As I’m apt to do when given a problem, I dived deeply into it’s source. In this case that source was literally the source of Django’s ORM. After some digging I a came back with (something of) an elegant solution:

 1
 2
 3
 4
 5
 6
 7
 8
 9
10
11
12
13
14
15
16
17
18
19
20
21
22
23
24
25
def add_adhoc_reverse_relation(source_model, source_column_name, dest_model, dest_attribute):
    """Add a descriptor on dest_model with the name dest_attribute that allows related queries.

    This function allows one to duplicate the functionality of the related_name keyword
    argument to a foreign_key field, potentially allowing multiple reverse related
    functionality. It also allows a reverse relation to a subclass of where the foreign
    key is defined.
    """
    from django.db.models.fields.related import ForeignRelatedObjectsDescriptor, add_lazy_relation
    from django.db.models.related import RelatedObject
    field = getattr(source_model, source_column_name).field
    def do_related_class(dest_model, source_model):
        rel_obj = RelatedObject(source_model, source_model, field)
        desc = ForeignRelatedObjectsDescriptor(rel_obj)
        setattr(dest_model, dest_attribute, desc)
    def resolve_related_class(field, dest_model, source_model):
        field.rel.to = dest_model
        do_related_class(dest_model, source_model)
    if isinstance(dest_model, basestring) or dest_model._meta.pk is None:
        add_lazy_relation(source_model, field, dest_model, resolve_related_class)
    else:
        do_related_class(dest_model, source_model)

add_adhoc_reverse_relation(User, 'owned_by', 'media.Book', 'book_set')
add_adhoc_reverse_relation(User, 'owned_by', 'media.Video', 'video_set')
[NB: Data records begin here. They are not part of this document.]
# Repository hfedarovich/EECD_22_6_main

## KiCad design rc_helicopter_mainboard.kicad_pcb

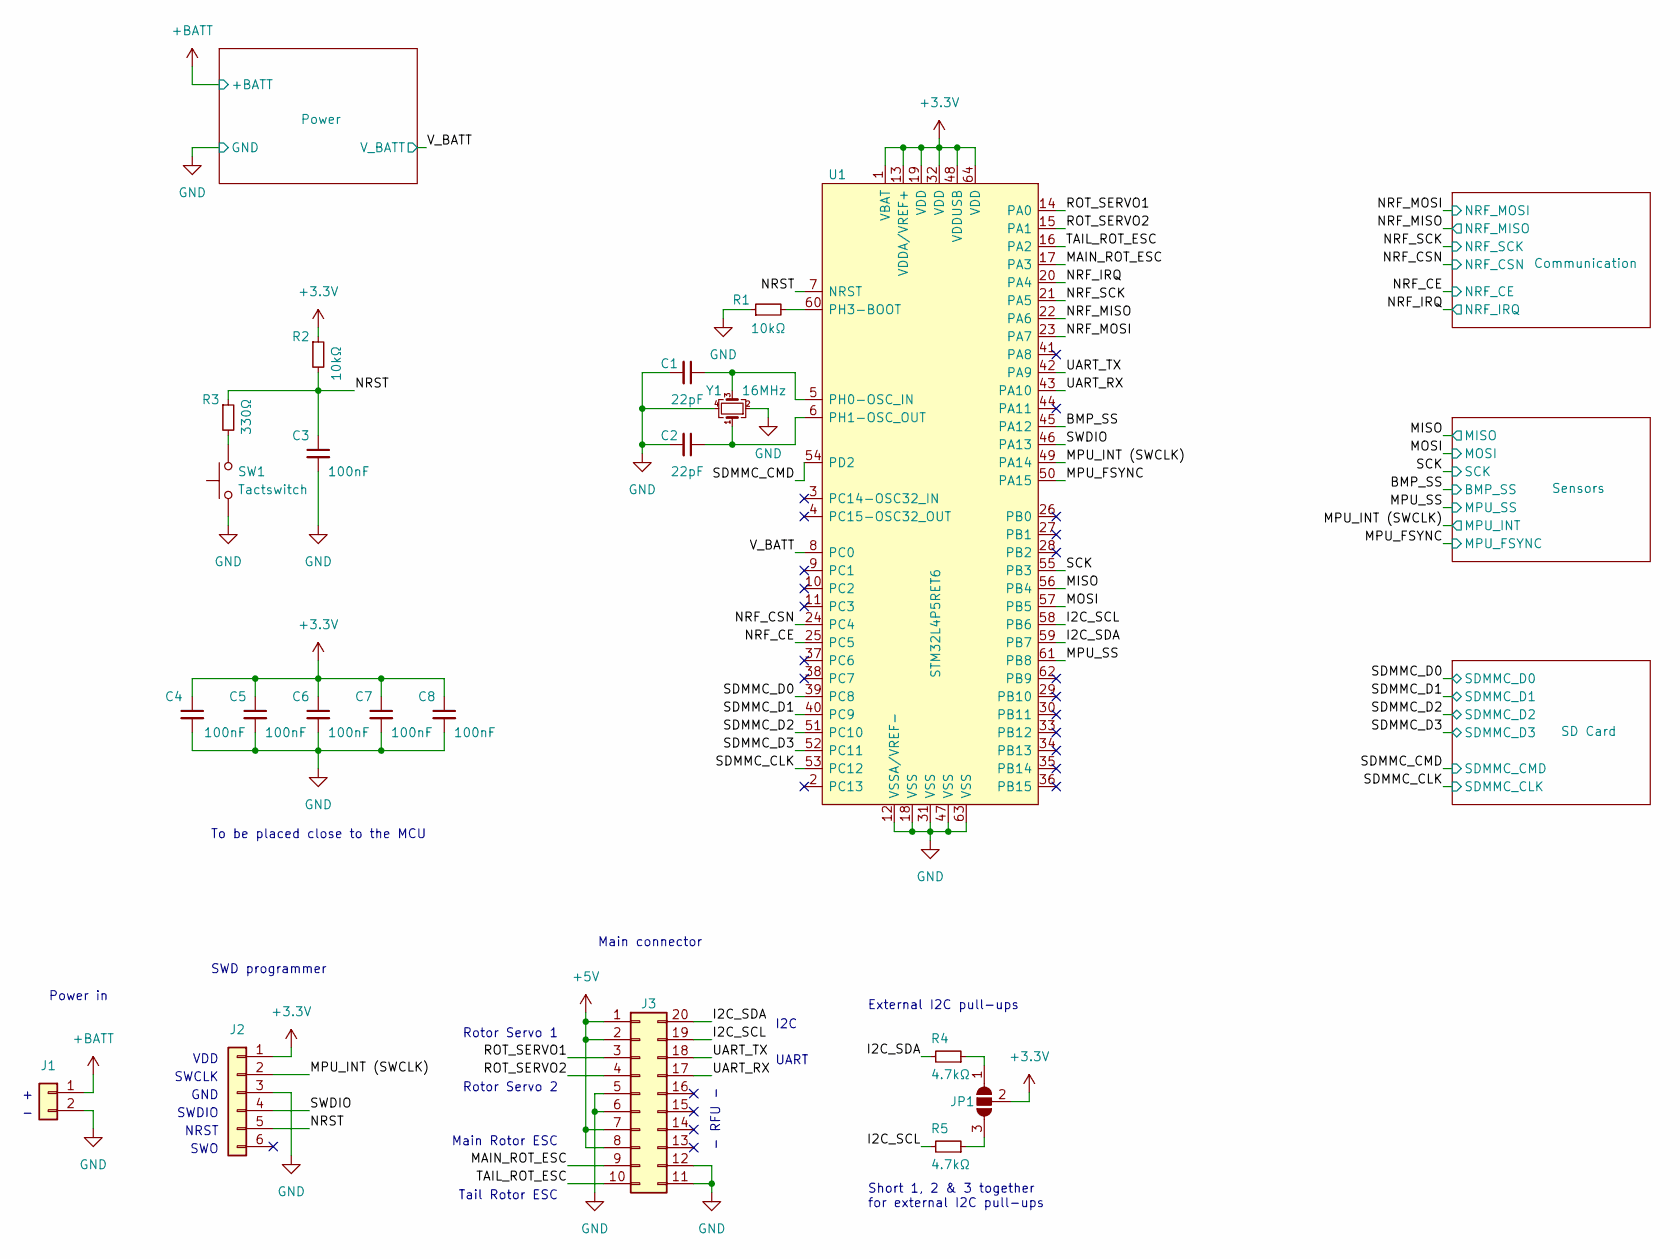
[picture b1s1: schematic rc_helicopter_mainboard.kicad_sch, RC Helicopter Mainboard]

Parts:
C1, C2: 22pF; C_0603_1608Metric
C3, C4, C5, C6, C7, C8: 100nF; C_0603_1608Metric
J1: Battery Pack; Molex_KK-254_AE-6410-02A_1x02_P2.54mm_Vertical
J2: SWD; PinHeader_2x03_P2.54mm_Vertical
J3: Main Connector; PinHeader_2x10_P2.54mm_Horizontal
JP1: SolderJumper_3_Open; SolderJumper-3_P1.3mm_Open_RoundedPad1.0x1.5mm_NumberLabels
R1, R2: 10kΩ; R_0603_1608Metric
R3: 330Ω; R_0603_1608Metric
R4, R5: 4.7kΩ; R_0603_1608Metric
SW1: Tactswitch; SW_SPST_PTS645
U1: STM32L4P5RET6; LQFP-64_10x10mm_P0.5mm
Y1: 16MHz; Crystal_SMD_3225-4Pin_3.2x2.5mm

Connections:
+3.3V: C4.1, C5.1, C6.1, C7.1, C8.1, J2.1, JP1.2 (C), R2.1, U1.1 (VBAT), U1.13 (VDDA/VREF+), U1.19 (VDD), U1.32 (VDD), U1.48 (VDDUSB), U1.64 (VDD); also elsewhere on the board
+5V: J3.1, J3.2, J3.7, J3.8; also elsewhere on the board
+BATT: J1.1; also elsewhere on the board
/BMP_SS: U1.45 (PA12); also elsewhere on the board
/I2C_SCL: J3.19, R5.2, U1.58 (PB6)
/I2C_SDA: J3.20, R4.2, U1.59 (PB7)
/MAIN_ROT_ESC: J3.9, U1.17 (PA3)
/MISO: U1.56 (PB4); also elsewhere on the board
/MOSI: U1.57 (PB5); also elsewhere on the board
/MPU_FSYNC: U1.50 (PA15); also elsewhere on the board
/MPU_INT (SWCLK): J2.2, U1.49 (PA14); also elsewhere on the board
/MPU_SS: U1.61 (PB8); also elsewhere on the board
/NRF_CE: U1.25 (PC5); also elsewhere on the board
/NRF_CSN: U1.24 (PC4); also elsewhere on the board
/NRF_IRQ: U1.20 (PA4); also elsewhere on the board
/NRF_MISO: U1.22 (PA6); also elsewhere on the board
/NRF_MOSI: U1.23 (PA7); also elsewhere on the board
/NRF_SCK: U1.21 (PA5); also elsewhere on the board
/NRST: C3.1, J2.5, R2.2, R3.1, U1.7 (NRST)
/ROT_SERVO1: J3.3, U1.14 (PA0)
/ROT_SERVO2: J3.4, U1.15 (PA1)
/SCK: U1.55 (PB3); also elsewhere on the board
/SDMMC_CLK: U1.53 (PC12); also elsewhere on the board
/SDMMC_CMD: U1.54 (PD2); also elsewhere on the board
/SDMMC_D0: U1.39 (PC8); also elsewhere on the board
/SDMMC_D1: U1.40 (PC9); also elsewhere on the board
/SDMMC_D2: U1.51 (PC10); also elsewhere on the board
/SDMMC_D3: U1.52 (PC11); also elsewhere on the board
/SWDIO: J2.4, U1.46 (PA13)
/TAIL_ROT_ESC: J3.10, U1.16 (PA2)
/UART_RX: J3.17, U1.43 (PA10)
/UART_TX: J3.18, U1.42 (PA9)
/V_BATT: U1.8 (PC0); also elsewhere on the board
GND: C1.2, C2.2, C3.2, C4.2, C5.2, C6.2, C7.2, C8.2, J1.2, J2.3, J3.5, J3.6, J3.11, J3.12, R1.1, SW1.1, U1.12 (VSSA/VREF-), U1.18 (VSS), U1.31 (VSS), U1.47 (VSS), U1.63 (VSS), Y1.2, Y1.4; also elsewhere on the board
unnamed: C1.1, U1.5 (PH0-OSC_IN), Y1.3
unnamed: C2.1, U1.6 (PH1-OSC_OUT), Y1.1
unnamed: JP1.1 (A), R4.1
unnamed: JP1.3 (B), R5.1
unnamed: R1.2, U1.60 (PH3-BOOT)
unnamed: R3.2, SW1.2

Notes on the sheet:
Tail Rotor ESC
Rotor Servo 1
- RFU -
SWDIO
SWO
NRST
SWCLK
External I2C pull-ups
VDD
To be placed close to the MCU
Main connector
Rotor Servo 2
Short 1, 2 & 3 together for external I2C pull-ups
Power in
SWD programmer
GND
Main Rotor ESC
I2C
UART

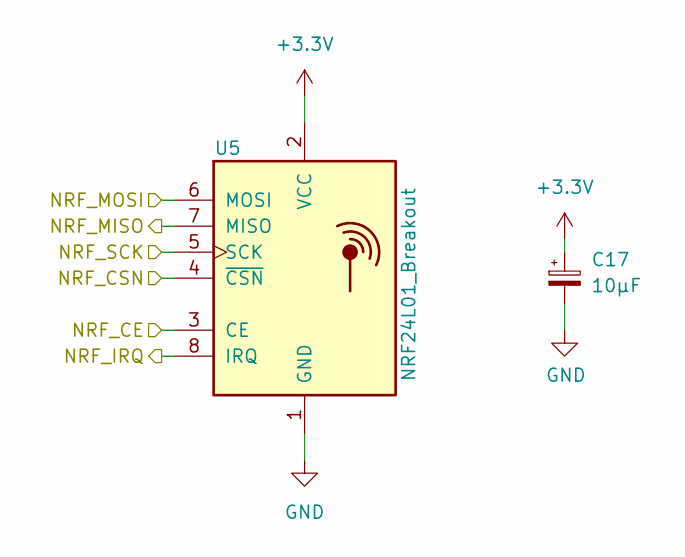
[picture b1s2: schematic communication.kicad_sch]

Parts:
C17: 10μF; CP_EIA-3216-10_Kemet-I
U5: NRF24L01_Breakout; nRF24L01_Breakout

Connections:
+3.3V: C17.1, U5.2 (VCC); also elsewhere on the board
/NRF_CE: U5.3 (CE); also elsewhere on the board
/NRF_CSN: U5.4 (~CSN); also elsewhere on the board
/NRF_IRQ: U5.8 (IRQ); also elsewhere on the board
/NRF_MISO: U5.7 (MISO); also elsewhere on the board
/NRF_MOSI: U5.6 (MOSI); also elsewhere on the board
/NRF_SCK: U5.5 (SCK); also elsewhere on the board
GND: C17.2, U5.1 (GND); also elsewhere on the board

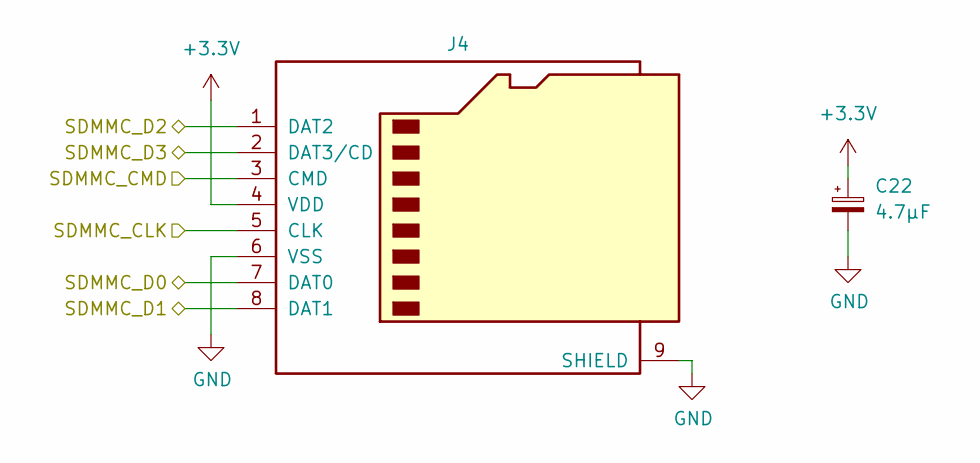
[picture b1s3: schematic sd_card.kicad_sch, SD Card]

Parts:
C22: 4.7μF; CP_EIA-3216-10_Kemet-I
J4: Micro_SD_Card; 112K-TAA0-RA1

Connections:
+3.3V: C22.1, J4.4 (VDD); also elsewhere on the board
/SDMMC_CLK: J4.5 (CLK); also elsewhere on the board
/SDMMC_CMD: J4.3 (CMD); also elsewhere on the board
/SDMMC_D0: J4.7 (DAT0); also elsewhere on the board
/SDMMC_D1: J4.8 (DAT1); also elsewhere on the board
/SDMMC_D2: J4.1 (DAT2); also elsewhere on the board
/SDMMC_D3: J4.2 (DAT3/CD); also elsewhere on the board
GND: C22.2, J4.6 (VSS), J4.9 (SHIELD); also elsewhere on the board

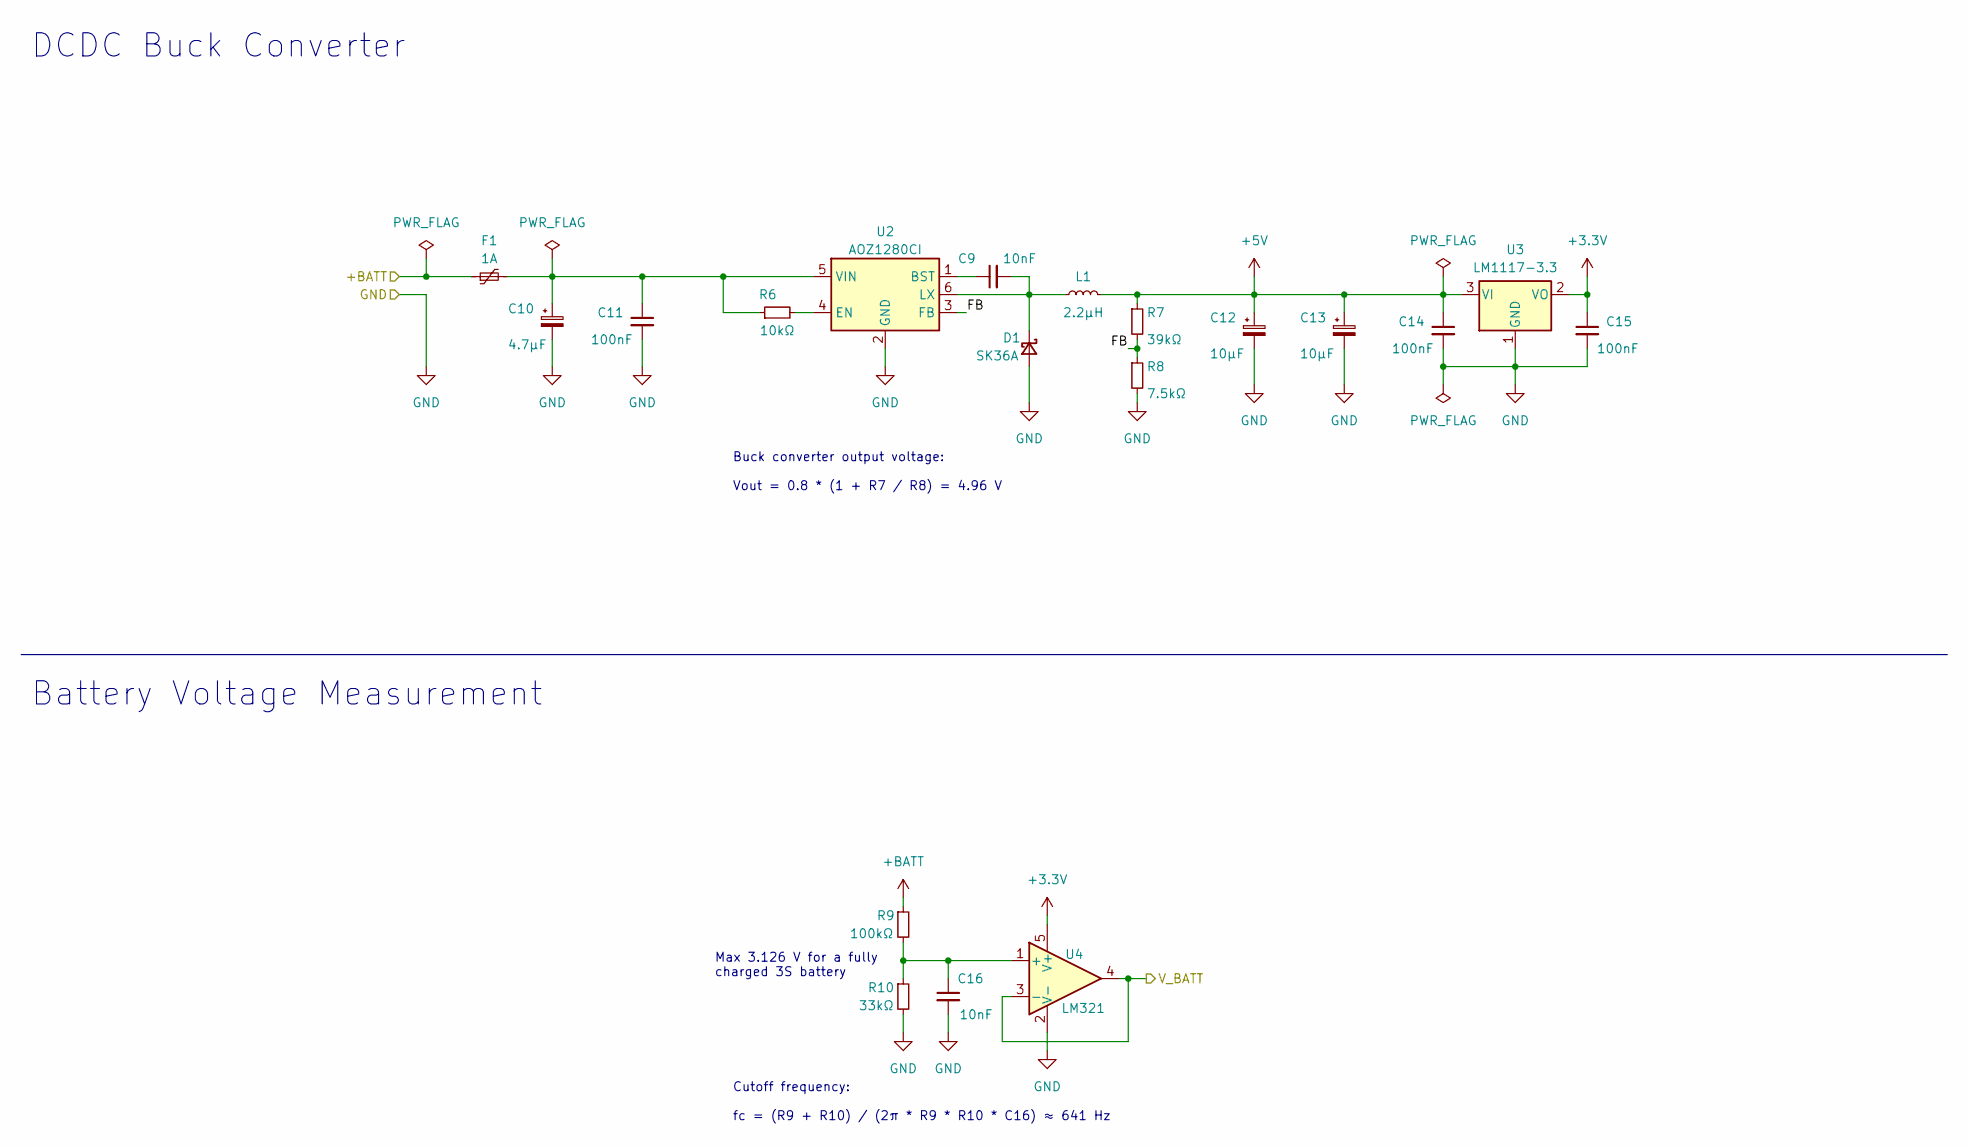
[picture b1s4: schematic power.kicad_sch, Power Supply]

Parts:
C9, C16: 10nF; C_0603_1608Metric
C10: 4.7μF; CP_Elec_6.3x5.4
C11, C14, C15: 100nF; C_0603_1608Metric
C12: 10μF; CP_Elec_6.3x5.4
C13: 10μF; CP_EIA-3216-10_Kemet-I
D1: SK36A; D_SMA
F1: 1A; Fuse_1210_3225Metric
L1: 2.2μH; L_Bourns-SRN4018
R6: 10kΩ; R_0603_1608Metric
R7: 39kΩ; R_0603_1608Metric
R8: 7.5kΩ; R_0603_1608Metric
R9: 100kΩ; R_0603_1608Metric
R10: 33kΩ; R_0603_1608Metric
U2: AOZ1280CI; SOT-23-6
U3: LM1117-3.3; SOT-223-3_TabPin2
U4: LM321; SOT-23-5

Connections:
+3.3V: C15.1, U3.2 (VO), U4.5 (V+); also elsewhere on the board
+5V: C12.1, C13.1, C14.1, L1.2, R7.1, U3.3 (VI); also elsewhere on the board
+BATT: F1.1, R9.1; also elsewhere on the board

This solution uses the Django ORM internals to copy what Django itself does when a ForeignKey field is initialized. The reason this works well is that after the classes are defined the same field is represented in both child classes by the same attribute name. The reverse relations work properly. Django correctly JOINs to the OneToOne field in the children and everything “just works”(TM). Additionally, this method is cleaner than simply adding a property to the target model, since it exposes the full RelatedObjectManager (which may have had custom methods added to it).

Though this code will not live in our codebase for long, it is an important step to move forward iteratively. Much like engineering improvements to a building, there is a place in code for temporary scaffolding.